Sometimes solving an equation requires the combination of many algebraic principles and techniques. The last facet of solving the polynomial equation $$\frac{1}{2}y=-4y-\frac{1}{2}y^2$$ that we should talk about is negative signs.

We found that the GCF $$\left(9+y\right)$$ as one of the factors of our final product.

In the following video we present another example of solving a quadratic polynomial with fractional coefficients using factoring and the zero product principle. A YouTube element has been excluded from this version of the text. You can view it online here: pb.libretexts.org/ba/?p=116 If the GCF of a polynomial is negative, pay attention to the signs that are left when you factor it from the terms of a polynomial.

In the next unit, we will learn more factoring techniques that will allow you to be able to solve a wider variety of polynomial equations such as $$3x^2-x=2$$.

## Summary

A whole number, monomial, or polynomial can be expressed as a product of factors. You can use some of the same logic that you apply to factoring integers to factoring polynomials. To factor a polynomial, first identify the greatest common factor of the terms, and then apply the distributive property to rewrite the expression. Once a polynomial in $$a\left(b+c\right)$$, where a is the GCF, the polynomial is in factored form.

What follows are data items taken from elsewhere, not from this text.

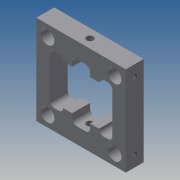
# Autodesk Inventor part: Holder
Saved by Autodesk Inventor 2015 (Build 190159000, 159)
## iProperties
Created: 2014-07-11
Part Number: Holder
Material: Generic
Document SubType Name: Modeling
Designer: jad211
Density: 1 g/cm^3
Appearance: Default
Author: jad211
Autodesk Inventor part; units mm, degrees
ref_plane "YZ Plane" through (0, 0, 0) normal (1, 0, 0) x (0, 1, 0)
ref_plane "XZ Plane" through (0, 0, 0) normal (0, 1, 0) x (-1, 0, 0)
ref_plane "XY Plane" through (0, 0, 0) normal (0, 0, 1) x (1, 0, 0)
sketch "Sketch1" plane through (0, 0, 0) normal (0, 1, 0) x (-1, 0, 0)
  line L0 (20, 20) -> (20, -20)
  line L1 (20, -20) -> (-20, -20)
  line L2 (-20, -20) -> (-20, 20)
  line L3 (-20, 20) -> (20, 20)
  line L4 (-15, 15) -> (-15, -15) construction
  line L5 (-15, -15) -> (15, -15) construction
  line L6 (15, -15) -> (15, 15) construction
  line L7 (15, 15) -> (-15, 15) construction
  circle A0 centre (15, 15) radius 3.05
  circle A1 centre (15, -15) radius 3.05
  circle A2 centre (-15, -15) radius 3.05
  circle A3 centre (-15, 15) radius 3.05
  line L8 (0, 0) -> (-18.5703, 0) construction
  line L9 (-8, 9) -> (-8, 9)
  line L10 (-10, 11) -> (-12, 11)
  line L11 (-14, 9) -> (-14, -9)
  line L12 (-12, -11) -> (-10, -11)
  line L13 (-8, -9) -> (-8, -9)
  line L14 (8, -9) -> (8, -9)
  line L15 (10, -11) -> (12, -11)
  line L16 (14, -9) -> (14, 9)
  line L17 (12, 11) -> (10, 11)
  line L18 (8, 9) -> (8, 9)
  line L19 (0, 0) -> (0, 18.05) construction
  line L20 (0, 0) -> (-18.05, 0) construction
  arc A4 (-12, 11) -> (-14, 9) centre (-12, 9) ccw
  arc A5 (-8, 9) -> (-10, 11) centre (-10, 9) ccw
  arc A6 (-10, -11) -> (-8, -9) centre (-10, -9) ccw
  arc A7 (-14, -9) -> (-12, -11) centre (-12, -9) ccw
  arc A8 (8, -9) -> (10, -11) centre (10, -9) ccw
  arc A9 (12, -11) -> (14, -9) centre (12, -9) ccw
  arc A10 (14, 9) -> (12, 11) centre (12, 9) ccw
  arc A11 (10, 11) -> (8, 9) centre (10, 9) ccw
  line L21 (8, 9) -> (4, 9)
  line L22 (4, 9) -> (4, 11)
  line L23 (2, 13) -> (-2, 13)
  line L24 (-4, 11) -> (-4, 9)
  line L25 (-4, 9) -> (-8, 9)
  line L26 (-8, -9) -> (-4, -9)
  line L27 (-4, -9) -> (-4, -11)
  line L28 (-2, -13) -> (2, -13)
  line L29 (4, -11) -> (4, -9)
  line L30 (8, -9) -> (4, -9)
  arc A12 (4, 11) -> (2, 13) centre (2, 11) ccw
  arc A13 (-2, 13) -> (-4, 11) centre (-2, 11) ccw
  arc A14 (2, -13) -> (4, -11) centre (2, -11) ccw
  arc A15 (-4, -11) -> (-2, -13) centre (-2, -11) ccw
  point P0 (-8, 11)
  point P1 (-14, 11)
  point P2 (-8, -11)
  point P3 (8, -11)
  point P4 (14, -11)
  point P5 (8, 11)
  point P6 (-4, 13)
  point P7 (-4, -13)
  point P8 (4, -13)
  dimension "d0" = 40
  dimension "d1" = 40
  dimension "d2" = 30
  dimension "d3" = 6.1
  dimension "d53" = 20
  dimension "d54" = 15
  dimension "d57" = 8
  dimension "d58" = 16
  dimension "d59" = 22
  dimension "d60" = 6
  dimension "d61" = 2
  dimension "d96" = 4
  dimension "d97" = 8
  dimension "d98" = 4
  dimension "d99" = 2
  constraints: 62 end point, 29 point on line, 24 point on circle, 24 tangent, 16 centre point, 13 equal radius, 6 perpendicular, 4 coincident, 4 horizontal, 1 collinear, 4 other
  measures "d0" distance of L0.end L1.end
  measures "d1" distance of L0.start L0.end
  measures "d2" distance of L5.end L6.end
  measures "d3" diameter of A0
  measures "d53" distance from line of L8.start L1
  measures "d54" horizontal distance of L8.start L4.start
  measures "d57" horizontal distance of L13.end L8.start
  measures "d58" distance of L13.end L14.start
  measures "d59" distance between parallel lines of L12 L10
  measures "d60" distance of point (-8, 11) point (-14, 11)
  measures "d61" radius of A4
  measures "d96" distance of point (-4, 13) L24.end
  measures "d97" distance of L24.end L21.end
  measures "d98" distance of L26.end point (-4, -13)
  measures "d99" radius of A12
extrude "Extrusion5" add sketch "Sketch1" along normal blind 8
sketch "Sketch8" plane through (20, 0, -20) normal (0, 0, -1) x (-1, 0, 0)
  circle A0 centre (20, 4) radius 1.5
  point P0 (20, 0)
  dimension "d100" = 4
  dimension "d101" = 3
  constraints: 1 centre point
  measures "d100" distance of point (20, 0) A0.centre
  measures "d101" diameter of A0
sketch "Sketch9" plane through (20, 0, 20) normal (1, 0, 0) x (0, 0, -1)
  line L0 (40, 0) -> (0, 0) projected
  line L1 (40, 0) -> (40, 8) projected
  line L2 (0, 8) -> (40, 8) projected
  line L3 (0, 0) -> (0, 8) projected
  point P0 (20, 0)
  point P1 (5, 4)
  point P2 (35, 4)
  dimension "d104" = 5
  dimension "d105" = 5
  dimension "d106" = 4
  dimension "d107" = 4
  measures "d104" distance from line of L3 point (5, 4)
  measures "d105" distance from line of L1 point (35, 4)
  measures "d106" distance from line of L0 point (5, 4)
  measures "d107" distance from line of L0 point (35, 4)
hole "Hole1" at (20, 4, 15) at (20, 4, -15) direction (-1, 0, 0) diameter 2.013 depth 5 tip angle 118 thread size "M2.5x0.45" class "6H" standard "ISO Metric profile"
sketch "Sketch10" plane through (-20, 0, -20) normal (-1, 0, 0) x (0, 0, 1)
  circle A0 centre (35, 4) radius 1.0065 projected
  circle A1 centre (5, 4) radius 1.0065 projected
  point P0 (20, 0)
  point P1 (33.9935, 4)
  point P2 (3.9935, 4)
  constraints: 2 coincident, 2 horizontal alignment, 2 other
hole "Hole2" at (-20, 4, 15) at (-20, 4, -15) direction (1, 0, 0) diameter 2.013 depth 5 tip angle 118 thread size "M2.5x0.45" class "6H" standard "ISO Metric profile"
hole "Hole3" at (0, 4, -20) direction (0, 0, 1) diameter 3.1 end through all
equation "\"d1\" = d0"
body "Solid2"
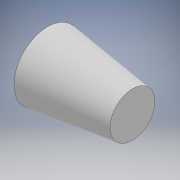
# Autodesk Inventor part: cup
Saved by Autodesk Inventor 2018 (Build 220112000, 112)
## iProperties
Created: 2017-11-15
Part Number: cup
Material: Generic
Document SubType Name: Modeling
Designer: Prakash
Density: 1 g/cm^3
Appearance: Default
Author: Prakash
Autodesk Inventor part; units mm, degrees
ref_plane "YZ Plane" through (0, 0, 0) normal (1, 0, 0) x (0, 1, 0)
ref_plane "XZ Plane" through (0, 0, 0) normal (0, 1, 0) x (-1, 0, 0)
ref_plane "XY Plane" through (0, 0, 0) normal (0, 0, 1) x (1, 0, 0)
sketch "Sketch1" plane through (0, 0, 0) normal (0, 1, 0) x (-1, 0, 0)
  line L0 (0, 0) -> (0, -63.5)
  line L1 (120.65, 15.875) -> (120.65, -79.375)
  line L2 (0, -63.5) -> (120.65, -79.375)
  line L3 (0, 0) -> (120.65, 15.875)
  line L4 (120.65, -31.75) -> (0, -31.75)
  line L5 (0, -31.75) -> (9.25, -31.75)
  line L6 (120.65, -31.75) -> (28.15, -31.75)
  line L7 (28.15, 3.7039) -> (28.15, -67.2039)
  line L8 (19.15, 9.75) -> (19.15, -73.25)
  line L9 (19.15, -73.25) -> (37.15, -73.25)
  line L10 (37.15, -73.25) -> (37.15, 9.75)
  line L11 (37.15, 9.75) -> (19.15, 9.75)
  line L12 (19.15, 9.75) -> (37.15, -73.25) construction
  line L13 (19.15, -73.25) -> (37.15, 9.75) construction
  dimension "d0" = 63.5
  dimension "d1" = 95.25
  dimension "d2" = 120.65
  dimension "d6" = 92.5
  dimension "d7" = 70.9079
  dimension "d8" = 83
  dimension "d9" = 18
  constraints: 28 end point, 4 midpoint, 4 point on line, 4 vertical, 2 parallel, 1 equal length, 1 perpendicular
  measures "d0" distance of L0.start L0.end
  measures "d1" distance of L1.start L1.end
  measures "d2" distance between parallel lines of L0 L1
  measures "d6" distance of L4.start L6.end
  measures "d7" distance of L7.start L7.end
  measures "d8" distance of L8.start L8.end
  measures "d9" distance of L9.end L8.end
revolve "Revolution1" add sketch "Sketch1" angle 360 about axis through (-120.65, 0, -31.75) along (1, 0, 0) contours L3 L8 L4 L0 | L4 L8 L2 L0 | L3 L7 L4 L8 | L3 L10 L4 L7 | L4 L7 L2 L8 | L3 L1 L4 L10 | L4 L10 L2 L7 | L4 L1 L2 L10
body "Solid1"

In this section we practiced using the zero product principle as a method for solving polynomial equations. We found that the techniques we used to solve linear equations did not give us the correct answer when used to solve a polynomial equation. We also found that a polynomial can be rewritten as a product by factoring out the greatest common factor. We used both factoring and the zero product principle to solve second degree polynomials.